## Your instructions
Where the word "through" occurs in a line of the data, return the whole line.

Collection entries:
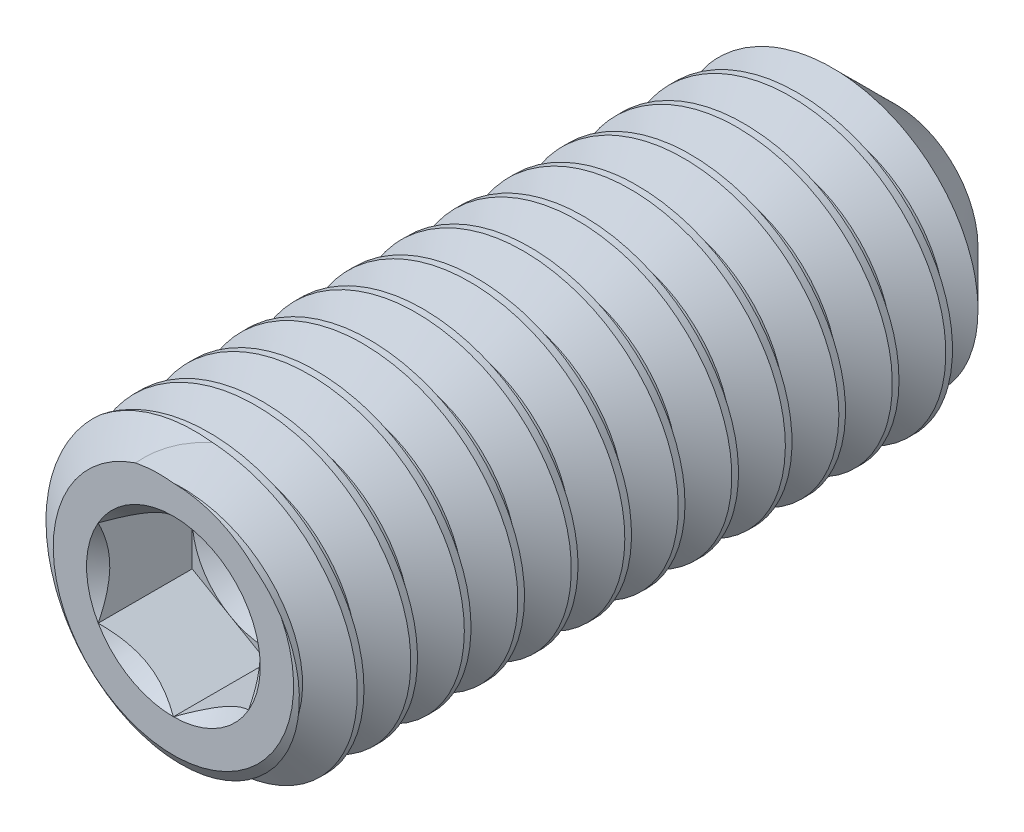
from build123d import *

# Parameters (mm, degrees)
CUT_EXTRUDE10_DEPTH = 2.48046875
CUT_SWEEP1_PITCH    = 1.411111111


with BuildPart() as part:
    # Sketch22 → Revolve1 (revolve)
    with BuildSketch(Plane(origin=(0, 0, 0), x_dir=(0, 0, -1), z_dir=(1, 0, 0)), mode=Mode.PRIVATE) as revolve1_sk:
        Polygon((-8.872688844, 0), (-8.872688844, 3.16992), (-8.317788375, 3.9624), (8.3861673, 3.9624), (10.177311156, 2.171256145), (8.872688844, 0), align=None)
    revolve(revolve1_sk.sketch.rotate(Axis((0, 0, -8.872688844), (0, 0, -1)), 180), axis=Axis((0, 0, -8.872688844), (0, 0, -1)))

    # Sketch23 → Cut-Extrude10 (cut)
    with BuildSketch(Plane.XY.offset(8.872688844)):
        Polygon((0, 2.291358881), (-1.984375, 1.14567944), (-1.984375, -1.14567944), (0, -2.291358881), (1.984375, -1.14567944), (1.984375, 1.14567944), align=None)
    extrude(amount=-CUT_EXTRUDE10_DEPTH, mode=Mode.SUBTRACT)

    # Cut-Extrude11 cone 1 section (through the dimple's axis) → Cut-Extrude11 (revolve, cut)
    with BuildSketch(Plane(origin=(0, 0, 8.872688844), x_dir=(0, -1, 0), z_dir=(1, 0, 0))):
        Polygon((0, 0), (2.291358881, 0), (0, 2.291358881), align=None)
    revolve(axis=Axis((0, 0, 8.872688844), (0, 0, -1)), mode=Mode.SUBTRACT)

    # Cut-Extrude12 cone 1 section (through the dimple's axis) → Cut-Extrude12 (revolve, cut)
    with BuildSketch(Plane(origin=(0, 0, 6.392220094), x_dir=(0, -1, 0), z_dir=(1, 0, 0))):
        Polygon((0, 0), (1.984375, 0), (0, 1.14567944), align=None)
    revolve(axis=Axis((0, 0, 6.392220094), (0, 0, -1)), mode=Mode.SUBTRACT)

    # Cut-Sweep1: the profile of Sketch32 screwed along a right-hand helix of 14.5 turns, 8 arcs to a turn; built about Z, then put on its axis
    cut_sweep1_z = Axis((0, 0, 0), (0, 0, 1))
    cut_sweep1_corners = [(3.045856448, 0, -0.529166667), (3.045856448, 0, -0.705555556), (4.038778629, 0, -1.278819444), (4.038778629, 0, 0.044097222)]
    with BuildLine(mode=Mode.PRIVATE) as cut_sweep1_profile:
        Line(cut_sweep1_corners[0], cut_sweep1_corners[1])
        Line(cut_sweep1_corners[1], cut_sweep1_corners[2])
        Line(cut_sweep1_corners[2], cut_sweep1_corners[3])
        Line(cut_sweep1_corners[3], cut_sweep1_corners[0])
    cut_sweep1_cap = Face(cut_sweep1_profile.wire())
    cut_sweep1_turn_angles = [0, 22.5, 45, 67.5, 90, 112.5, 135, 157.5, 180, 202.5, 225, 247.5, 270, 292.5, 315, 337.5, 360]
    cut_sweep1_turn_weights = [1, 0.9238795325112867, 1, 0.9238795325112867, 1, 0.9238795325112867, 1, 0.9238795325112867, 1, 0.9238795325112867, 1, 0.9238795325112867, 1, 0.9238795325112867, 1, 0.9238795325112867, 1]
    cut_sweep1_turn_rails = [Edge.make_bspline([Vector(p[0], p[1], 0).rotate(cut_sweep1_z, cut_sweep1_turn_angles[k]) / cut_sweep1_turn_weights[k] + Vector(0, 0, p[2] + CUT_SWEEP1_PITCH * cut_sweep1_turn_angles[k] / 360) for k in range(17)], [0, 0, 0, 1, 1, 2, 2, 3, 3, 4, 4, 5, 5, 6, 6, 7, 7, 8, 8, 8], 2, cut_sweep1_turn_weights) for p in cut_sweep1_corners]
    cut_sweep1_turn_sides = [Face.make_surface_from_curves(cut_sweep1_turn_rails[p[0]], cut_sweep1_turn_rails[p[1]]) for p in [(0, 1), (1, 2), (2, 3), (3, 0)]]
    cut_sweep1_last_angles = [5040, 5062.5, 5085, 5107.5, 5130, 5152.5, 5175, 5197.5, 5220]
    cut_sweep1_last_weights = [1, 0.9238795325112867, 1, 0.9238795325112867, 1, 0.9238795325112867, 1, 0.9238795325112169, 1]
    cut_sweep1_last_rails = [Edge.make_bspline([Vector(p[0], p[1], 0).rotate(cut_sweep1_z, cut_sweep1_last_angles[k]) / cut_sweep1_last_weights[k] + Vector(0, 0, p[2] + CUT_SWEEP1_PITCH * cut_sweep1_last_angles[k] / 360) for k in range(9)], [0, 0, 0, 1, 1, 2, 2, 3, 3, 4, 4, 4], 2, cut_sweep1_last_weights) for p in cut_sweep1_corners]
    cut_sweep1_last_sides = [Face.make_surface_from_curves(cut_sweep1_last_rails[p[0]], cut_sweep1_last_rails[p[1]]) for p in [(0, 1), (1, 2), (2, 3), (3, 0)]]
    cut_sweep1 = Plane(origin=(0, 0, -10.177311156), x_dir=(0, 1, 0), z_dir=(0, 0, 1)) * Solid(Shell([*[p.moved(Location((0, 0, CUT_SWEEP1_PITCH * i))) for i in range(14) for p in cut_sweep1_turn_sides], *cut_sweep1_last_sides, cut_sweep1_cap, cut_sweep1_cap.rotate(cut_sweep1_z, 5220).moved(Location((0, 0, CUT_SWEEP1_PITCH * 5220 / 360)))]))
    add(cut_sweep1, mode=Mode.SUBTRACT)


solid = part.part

## Output of the task
    # Cut-Extrude11 cone 1 section (through the dimple's axis) → Cut-Extrude11 (revolve, cut)
    # Cut-Extrude12 cone 1 section (through the dimple's axis) → Cut-Extrude12 (revolve, cut)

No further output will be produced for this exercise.